DATA TO PROCESS START

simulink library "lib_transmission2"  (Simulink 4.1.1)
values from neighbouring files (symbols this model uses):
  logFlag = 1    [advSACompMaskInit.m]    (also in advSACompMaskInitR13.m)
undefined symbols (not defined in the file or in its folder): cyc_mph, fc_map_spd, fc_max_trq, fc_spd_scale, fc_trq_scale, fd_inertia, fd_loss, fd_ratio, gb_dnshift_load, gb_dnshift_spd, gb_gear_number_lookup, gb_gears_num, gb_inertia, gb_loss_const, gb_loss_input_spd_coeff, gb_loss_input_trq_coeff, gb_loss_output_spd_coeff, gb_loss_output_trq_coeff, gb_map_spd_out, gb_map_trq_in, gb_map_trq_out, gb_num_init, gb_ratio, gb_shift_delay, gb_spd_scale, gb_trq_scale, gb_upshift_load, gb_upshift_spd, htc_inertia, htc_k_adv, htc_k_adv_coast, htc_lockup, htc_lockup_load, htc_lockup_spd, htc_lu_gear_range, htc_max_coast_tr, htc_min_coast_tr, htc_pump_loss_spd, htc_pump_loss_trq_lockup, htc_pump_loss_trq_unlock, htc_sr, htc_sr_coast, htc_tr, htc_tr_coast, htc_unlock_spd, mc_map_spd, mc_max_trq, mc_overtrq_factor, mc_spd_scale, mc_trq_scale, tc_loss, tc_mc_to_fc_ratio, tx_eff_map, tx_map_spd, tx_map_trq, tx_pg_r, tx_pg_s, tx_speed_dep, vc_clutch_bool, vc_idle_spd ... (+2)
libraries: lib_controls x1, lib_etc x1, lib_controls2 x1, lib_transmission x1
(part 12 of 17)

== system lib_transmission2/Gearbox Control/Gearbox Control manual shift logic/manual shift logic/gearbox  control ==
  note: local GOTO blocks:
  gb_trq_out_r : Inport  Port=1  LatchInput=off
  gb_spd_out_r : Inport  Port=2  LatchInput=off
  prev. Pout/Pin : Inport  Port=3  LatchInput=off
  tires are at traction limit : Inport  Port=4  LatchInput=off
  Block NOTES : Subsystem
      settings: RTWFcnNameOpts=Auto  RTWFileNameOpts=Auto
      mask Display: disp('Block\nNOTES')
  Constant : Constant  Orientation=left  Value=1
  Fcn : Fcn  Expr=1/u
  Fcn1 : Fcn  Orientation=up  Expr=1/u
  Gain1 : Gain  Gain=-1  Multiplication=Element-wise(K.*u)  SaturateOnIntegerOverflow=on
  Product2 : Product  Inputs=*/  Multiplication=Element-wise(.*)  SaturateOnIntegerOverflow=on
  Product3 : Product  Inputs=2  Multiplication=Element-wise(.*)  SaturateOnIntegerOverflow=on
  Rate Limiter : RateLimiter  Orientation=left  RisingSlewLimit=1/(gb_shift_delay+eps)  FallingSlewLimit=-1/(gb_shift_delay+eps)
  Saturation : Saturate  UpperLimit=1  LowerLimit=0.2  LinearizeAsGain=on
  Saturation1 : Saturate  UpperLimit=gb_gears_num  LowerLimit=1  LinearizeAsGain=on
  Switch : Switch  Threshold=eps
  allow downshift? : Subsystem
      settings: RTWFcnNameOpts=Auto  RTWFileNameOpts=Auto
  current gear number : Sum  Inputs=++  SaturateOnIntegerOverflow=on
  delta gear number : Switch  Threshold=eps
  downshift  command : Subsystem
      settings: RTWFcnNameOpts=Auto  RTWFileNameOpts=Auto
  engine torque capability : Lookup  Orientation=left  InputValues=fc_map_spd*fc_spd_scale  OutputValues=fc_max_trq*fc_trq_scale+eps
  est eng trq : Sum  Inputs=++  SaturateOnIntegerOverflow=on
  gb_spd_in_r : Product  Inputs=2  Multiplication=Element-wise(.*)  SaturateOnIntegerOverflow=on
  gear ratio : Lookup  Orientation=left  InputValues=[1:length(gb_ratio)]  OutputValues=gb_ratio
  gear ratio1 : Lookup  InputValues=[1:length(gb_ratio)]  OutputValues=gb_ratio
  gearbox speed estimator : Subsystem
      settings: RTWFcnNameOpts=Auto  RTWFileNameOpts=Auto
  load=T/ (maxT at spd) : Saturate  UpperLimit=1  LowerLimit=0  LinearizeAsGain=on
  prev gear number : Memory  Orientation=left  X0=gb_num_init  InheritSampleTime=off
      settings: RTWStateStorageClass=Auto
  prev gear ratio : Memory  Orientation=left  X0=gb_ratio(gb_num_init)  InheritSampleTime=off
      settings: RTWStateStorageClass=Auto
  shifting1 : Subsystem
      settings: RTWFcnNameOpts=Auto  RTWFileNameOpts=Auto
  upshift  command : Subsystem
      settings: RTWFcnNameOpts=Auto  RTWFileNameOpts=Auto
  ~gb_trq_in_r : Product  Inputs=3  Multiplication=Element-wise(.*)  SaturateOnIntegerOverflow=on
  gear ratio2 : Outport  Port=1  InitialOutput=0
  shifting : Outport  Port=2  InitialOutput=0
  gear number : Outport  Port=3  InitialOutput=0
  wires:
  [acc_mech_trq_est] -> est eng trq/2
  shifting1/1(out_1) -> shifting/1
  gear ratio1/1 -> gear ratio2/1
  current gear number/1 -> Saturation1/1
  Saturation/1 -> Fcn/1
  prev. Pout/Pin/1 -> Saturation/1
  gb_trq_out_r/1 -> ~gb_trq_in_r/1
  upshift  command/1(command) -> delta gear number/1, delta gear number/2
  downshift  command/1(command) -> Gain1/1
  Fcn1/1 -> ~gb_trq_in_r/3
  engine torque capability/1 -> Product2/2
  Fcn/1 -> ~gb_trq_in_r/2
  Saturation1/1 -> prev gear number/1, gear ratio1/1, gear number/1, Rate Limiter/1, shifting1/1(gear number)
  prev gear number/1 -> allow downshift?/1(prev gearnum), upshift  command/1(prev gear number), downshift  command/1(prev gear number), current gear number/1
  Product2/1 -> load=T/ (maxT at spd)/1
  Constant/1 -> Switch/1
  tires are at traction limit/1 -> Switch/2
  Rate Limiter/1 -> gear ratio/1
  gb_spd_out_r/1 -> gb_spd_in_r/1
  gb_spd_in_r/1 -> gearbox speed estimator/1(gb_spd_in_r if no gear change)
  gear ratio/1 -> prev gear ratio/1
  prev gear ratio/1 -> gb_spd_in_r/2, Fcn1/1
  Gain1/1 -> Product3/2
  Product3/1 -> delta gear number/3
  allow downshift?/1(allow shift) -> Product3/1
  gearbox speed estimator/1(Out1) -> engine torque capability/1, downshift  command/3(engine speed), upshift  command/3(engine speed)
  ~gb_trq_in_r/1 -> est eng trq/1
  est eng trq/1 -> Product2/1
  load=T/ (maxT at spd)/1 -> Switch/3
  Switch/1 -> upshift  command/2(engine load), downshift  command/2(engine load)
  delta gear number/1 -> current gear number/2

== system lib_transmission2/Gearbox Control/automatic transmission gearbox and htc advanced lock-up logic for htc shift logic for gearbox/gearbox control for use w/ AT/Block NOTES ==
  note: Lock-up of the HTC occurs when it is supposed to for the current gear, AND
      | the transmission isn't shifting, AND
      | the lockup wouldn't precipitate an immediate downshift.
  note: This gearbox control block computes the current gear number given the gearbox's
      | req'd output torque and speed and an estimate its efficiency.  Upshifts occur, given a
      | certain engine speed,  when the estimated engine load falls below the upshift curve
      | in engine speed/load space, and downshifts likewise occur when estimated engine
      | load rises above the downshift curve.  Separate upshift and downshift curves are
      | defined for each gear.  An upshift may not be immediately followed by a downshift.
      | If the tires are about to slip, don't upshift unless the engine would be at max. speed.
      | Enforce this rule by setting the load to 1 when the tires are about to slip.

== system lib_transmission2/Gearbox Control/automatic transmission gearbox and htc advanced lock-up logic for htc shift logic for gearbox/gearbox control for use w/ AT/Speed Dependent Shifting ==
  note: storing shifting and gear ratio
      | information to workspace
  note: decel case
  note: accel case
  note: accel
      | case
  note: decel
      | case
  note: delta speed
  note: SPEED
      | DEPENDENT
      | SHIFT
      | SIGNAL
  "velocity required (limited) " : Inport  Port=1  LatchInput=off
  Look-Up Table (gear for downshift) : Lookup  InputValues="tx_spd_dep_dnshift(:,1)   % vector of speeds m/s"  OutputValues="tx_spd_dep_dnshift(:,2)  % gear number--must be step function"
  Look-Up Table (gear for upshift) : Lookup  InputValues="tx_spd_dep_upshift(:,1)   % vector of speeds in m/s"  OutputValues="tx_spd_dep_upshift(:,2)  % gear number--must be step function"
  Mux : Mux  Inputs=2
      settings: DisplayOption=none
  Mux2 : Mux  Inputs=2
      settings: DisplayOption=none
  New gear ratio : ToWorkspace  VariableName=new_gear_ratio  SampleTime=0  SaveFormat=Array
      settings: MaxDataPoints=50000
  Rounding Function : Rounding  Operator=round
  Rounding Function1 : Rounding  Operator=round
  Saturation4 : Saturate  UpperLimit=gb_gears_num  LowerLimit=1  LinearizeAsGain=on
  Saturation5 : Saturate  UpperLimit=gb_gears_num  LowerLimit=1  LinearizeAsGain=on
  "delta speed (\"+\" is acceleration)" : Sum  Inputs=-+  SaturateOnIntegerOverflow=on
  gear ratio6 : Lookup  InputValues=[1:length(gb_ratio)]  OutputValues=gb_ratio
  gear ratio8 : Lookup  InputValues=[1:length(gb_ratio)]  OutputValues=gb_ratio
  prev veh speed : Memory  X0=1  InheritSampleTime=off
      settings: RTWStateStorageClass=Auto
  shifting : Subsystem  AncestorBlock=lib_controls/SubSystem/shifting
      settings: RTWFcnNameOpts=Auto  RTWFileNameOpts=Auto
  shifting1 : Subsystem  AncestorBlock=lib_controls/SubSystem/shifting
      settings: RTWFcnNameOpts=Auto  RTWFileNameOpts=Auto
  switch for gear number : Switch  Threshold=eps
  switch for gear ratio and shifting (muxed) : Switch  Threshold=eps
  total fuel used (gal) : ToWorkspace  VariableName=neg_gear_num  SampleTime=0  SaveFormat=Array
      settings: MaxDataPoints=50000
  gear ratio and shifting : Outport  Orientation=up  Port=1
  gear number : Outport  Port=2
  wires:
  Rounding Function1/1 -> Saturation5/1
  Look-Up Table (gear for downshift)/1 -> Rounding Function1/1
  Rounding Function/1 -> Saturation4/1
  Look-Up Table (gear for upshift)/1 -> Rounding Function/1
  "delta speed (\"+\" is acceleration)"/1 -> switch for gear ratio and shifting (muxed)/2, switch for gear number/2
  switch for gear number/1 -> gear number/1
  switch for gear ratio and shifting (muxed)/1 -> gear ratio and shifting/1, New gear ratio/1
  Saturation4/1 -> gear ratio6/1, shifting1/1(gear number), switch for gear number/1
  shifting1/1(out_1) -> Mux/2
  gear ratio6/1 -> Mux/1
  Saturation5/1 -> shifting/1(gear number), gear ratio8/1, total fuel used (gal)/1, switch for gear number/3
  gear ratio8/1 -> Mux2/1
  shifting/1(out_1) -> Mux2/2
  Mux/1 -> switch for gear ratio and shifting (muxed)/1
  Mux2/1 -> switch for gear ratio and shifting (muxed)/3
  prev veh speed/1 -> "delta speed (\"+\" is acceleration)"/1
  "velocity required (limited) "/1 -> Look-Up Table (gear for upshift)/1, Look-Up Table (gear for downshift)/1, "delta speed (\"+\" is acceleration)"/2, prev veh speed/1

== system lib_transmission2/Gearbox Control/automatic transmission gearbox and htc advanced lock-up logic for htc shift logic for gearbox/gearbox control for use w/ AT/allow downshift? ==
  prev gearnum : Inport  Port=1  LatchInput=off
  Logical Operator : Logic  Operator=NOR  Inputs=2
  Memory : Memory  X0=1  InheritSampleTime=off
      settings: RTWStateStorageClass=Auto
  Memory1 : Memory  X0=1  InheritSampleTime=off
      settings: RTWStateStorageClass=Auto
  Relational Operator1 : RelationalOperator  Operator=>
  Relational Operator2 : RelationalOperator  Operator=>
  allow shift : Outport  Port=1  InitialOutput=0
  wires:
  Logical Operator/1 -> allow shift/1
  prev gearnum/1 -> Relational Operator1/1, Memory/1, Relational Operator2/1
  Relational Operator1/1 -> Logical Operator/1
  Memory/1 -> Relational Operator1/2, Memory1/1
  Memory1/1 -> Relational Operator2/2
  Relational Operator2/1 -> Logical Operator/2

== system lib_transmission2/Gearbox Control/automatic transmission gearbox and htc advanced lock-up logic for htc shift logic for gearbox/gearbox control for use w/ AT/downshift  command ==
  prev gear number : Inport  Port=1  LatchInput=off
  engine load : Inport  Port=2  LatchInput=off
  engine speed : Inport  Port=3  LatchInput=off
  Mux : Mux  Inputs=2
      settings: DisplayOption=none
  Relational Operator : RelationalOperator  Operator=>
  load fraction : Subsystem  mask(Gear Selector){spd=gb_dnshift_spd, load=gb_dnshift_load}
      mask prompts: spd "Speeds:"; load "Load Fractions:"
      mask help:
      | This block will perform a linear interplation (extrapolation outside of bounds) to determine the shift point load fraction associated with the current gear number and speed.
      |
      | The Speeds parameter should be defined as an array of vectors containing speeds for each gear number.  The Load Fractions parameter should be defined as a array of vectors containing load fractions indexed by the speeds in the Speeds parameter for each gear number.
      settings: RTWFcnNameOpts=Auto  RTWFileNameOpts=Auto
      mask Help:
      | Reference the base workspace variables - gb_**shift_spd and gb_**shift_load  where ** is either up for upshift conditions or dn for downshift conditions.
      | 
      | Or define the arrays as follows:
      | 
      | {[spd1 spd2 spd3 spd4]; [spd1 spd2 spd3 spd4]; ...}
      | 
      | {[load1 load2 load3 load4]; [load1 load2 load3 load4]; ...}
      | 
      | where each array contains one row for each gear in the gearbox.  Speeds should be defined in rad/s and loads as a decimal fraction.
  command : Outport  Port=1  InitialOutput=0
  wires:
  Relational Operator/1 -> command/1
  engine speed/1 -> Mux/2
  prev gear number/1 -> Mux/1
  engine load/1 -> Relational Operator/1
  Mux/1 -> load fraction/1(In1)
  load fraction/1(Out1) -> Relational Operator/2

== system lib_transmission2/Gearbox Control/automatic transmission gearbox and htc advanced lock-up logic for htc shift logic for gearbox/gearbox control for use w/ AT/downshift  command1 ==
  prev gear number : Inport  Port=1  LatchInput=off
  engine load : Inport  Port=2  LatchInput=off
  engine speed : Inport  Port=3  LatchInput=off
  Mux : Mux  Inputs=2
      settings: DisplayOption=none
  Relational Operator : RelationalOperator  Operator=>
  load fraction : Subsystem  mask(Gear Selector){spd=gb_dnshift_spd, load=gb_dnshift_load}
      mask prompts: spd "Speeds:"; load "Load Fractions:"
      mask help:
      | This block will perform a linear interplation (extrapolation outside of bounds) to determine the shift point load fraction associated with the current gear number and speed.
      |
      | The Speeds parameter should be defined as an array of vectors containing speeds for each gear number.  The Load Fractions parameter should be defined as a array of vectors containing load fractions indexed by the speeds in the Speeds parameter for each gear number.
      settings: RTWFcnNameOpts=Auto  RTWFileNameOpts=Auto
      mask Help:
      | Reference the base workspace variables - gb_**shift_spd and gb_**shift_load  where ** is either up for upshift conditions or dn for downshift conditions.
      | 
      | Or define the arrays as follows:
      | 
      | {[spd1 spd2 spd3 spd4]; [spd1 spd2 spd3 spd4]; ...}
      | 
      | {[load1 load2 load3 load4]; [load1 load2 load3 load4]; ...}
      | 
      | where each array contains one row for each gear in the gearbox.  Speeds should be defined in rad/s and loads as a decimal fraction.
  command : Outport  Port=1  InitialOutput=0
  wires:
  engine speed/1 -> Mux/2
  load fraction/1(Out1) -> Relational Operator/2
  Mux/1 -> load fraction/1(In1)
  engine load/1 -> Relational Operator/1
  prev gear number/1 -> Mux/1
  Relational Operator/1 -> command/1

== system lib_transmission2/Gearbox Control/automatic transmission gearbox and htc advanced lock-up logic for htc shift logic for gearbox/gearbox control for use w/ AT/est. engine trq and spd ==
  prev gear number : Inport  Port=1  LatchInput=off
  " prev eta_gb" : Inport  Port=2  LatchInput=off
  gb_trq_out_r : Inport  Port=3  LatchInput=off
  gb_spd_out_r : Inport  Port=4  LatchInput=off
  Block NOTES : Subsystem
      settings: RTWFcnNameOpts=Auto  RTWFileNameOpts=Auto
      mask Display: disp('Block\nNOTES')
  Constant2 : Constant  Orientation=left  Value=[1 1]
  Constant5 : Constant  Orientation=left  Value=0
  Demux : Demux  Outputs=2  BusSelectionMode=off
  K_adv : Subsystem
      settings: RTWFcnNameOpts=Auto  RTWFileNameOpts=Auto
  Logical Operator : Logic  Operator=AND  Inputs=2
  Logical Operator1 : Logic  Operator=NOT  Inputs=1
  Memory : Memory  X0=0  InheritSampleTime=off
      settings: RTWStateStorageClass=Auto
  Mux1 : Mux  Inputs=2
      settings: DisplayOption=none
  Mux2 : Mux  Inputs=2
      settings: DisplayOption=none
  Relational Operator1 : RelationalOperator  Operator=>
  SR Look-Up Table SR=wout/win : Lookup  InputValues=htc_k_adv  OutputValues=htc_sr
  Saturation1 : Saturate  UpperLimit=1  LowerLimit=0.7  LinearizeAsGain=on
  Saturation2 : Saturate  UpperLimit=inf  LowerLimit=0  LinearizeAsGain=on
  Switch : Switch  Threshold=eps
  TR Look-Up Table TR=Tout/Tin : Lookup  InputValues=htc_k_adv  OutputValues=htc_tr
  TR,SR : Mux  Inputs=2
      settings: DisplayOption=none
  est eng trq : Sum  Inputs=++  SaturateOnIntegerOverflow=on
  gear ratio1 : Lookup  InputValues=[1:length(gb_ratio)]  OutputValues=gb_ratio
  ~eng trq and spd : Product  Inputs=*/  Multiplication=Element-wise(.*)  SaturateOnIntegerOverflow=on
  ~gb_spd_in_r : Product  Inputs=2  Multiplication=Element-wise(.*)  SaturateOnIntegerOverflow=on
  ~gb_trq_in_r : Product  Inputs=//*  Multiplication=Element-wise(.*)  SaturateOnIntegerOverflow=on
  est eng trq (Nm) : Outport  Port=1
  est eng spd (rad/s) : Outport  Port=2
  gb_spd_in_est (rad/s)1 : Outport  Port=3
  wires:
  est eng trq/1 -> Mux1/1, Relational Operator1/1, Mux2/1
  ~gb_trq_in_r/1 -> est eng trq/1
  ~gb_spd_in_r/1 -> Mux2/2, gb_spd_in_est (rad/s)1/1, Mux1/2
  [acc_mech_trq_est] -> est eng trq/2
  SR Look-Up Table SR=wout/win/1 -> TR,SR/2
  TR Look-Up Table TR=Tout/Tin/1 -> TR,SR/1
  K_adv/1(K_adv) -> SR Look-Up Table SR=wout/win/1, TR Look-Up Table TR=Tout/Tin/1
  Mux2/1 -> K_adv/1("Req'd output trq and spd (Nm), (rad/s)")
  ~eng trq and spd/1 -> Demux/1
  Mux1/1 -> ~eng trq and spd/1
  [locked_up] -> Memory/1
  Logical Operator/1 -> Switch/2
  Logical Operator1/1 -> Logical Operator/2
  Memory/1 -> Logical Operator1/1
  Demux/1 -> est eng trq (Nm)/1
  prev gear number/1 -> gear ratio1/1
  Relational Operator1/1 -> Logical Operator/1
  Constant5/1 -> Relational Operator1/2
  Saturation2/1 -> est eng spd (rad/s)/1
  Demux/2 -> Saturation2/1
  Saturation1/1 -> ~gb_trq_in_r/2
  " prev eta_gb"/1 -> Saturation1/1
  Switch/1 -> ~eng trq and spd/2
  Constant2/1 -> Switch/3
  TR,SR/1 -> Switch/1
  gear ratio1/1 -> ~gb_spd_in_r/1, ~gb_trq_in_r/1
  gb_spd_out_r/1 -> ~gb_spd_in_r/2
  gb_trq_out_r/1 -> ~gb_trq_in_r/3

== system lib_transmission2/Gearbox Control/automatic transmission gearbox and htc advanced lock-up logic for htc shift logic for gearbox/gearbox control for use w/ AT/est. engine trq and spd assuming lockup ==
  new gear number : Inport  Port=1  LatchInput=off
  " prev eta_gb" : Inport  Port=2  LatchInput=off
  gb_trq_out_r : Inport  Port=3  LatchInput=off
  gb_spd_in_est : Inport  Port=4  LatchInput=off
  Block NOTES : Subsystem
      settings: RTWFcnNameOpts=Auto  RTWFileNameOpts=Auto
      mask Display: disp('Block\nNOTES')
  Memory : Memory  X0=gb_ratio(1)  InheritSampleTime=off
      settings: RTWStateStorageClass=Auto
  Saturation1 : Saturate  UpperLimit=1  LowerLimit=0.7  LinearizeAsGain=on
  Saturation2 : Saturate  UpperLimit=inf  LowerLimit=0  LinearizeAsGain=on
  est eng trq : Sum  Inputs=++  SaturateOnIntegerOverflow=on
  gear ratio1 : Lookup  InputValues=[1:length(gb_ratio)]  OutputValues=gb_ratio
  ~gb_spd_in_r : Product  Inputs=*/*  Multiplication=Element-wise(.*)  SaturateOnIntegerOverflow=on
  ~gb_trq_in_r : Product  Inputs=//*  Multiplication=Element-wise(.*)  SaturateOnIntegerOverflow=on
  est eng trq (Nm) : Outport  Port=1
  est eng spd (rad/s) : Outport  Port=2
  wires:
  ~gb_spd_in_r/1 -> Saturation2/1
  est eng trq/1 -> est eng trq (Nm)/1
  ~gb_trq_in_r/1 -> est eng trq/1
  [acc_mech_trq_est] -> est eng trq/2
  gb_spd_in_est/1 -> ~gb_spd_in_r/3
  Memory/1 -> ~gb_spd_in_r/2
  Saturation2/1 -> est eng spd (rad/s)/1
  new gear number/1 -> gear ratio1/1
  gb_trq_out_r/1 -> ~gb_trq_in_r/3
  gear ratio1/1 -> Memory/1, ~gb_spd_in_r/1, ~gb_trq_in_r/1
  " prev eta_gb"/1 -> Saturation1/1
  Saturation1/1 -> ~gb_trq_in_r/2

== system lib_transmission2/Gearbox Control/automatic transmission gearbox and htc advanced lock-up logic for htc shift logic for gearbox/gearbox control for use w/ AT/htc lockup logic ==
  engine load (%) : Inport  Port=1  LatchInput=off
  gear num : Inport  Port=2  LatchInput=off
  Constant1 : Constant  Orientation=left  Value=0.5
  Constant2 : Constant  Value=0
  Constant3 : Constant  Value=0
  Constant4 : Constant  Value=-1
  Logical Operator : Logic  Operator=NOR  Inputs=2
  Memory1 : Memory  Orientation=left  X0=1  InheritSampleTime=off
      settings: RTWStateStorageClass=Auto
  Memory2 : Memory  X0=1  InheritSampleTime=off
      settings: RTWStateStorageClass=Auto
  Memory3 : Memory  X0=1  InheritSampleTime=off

DATA TO PROCESS END

• _EXERCISE DESCRIPTION_
Wherever a line in the data above contains the word "gearnum", copy that line.

• _OUTPUT FOR THIS EXERCISE_
  prev gear number/1 -> allow downshift?/1(prev gearnum), upshift  command/1(prev gear number), downshift  command/1(prev gear number), current gear number/1
  prev gearnum : Inport  Port=1  LatchInput=off
  prev gearnum/1 -> Relational Operator1/1, Memory/1, Relational Operator2/1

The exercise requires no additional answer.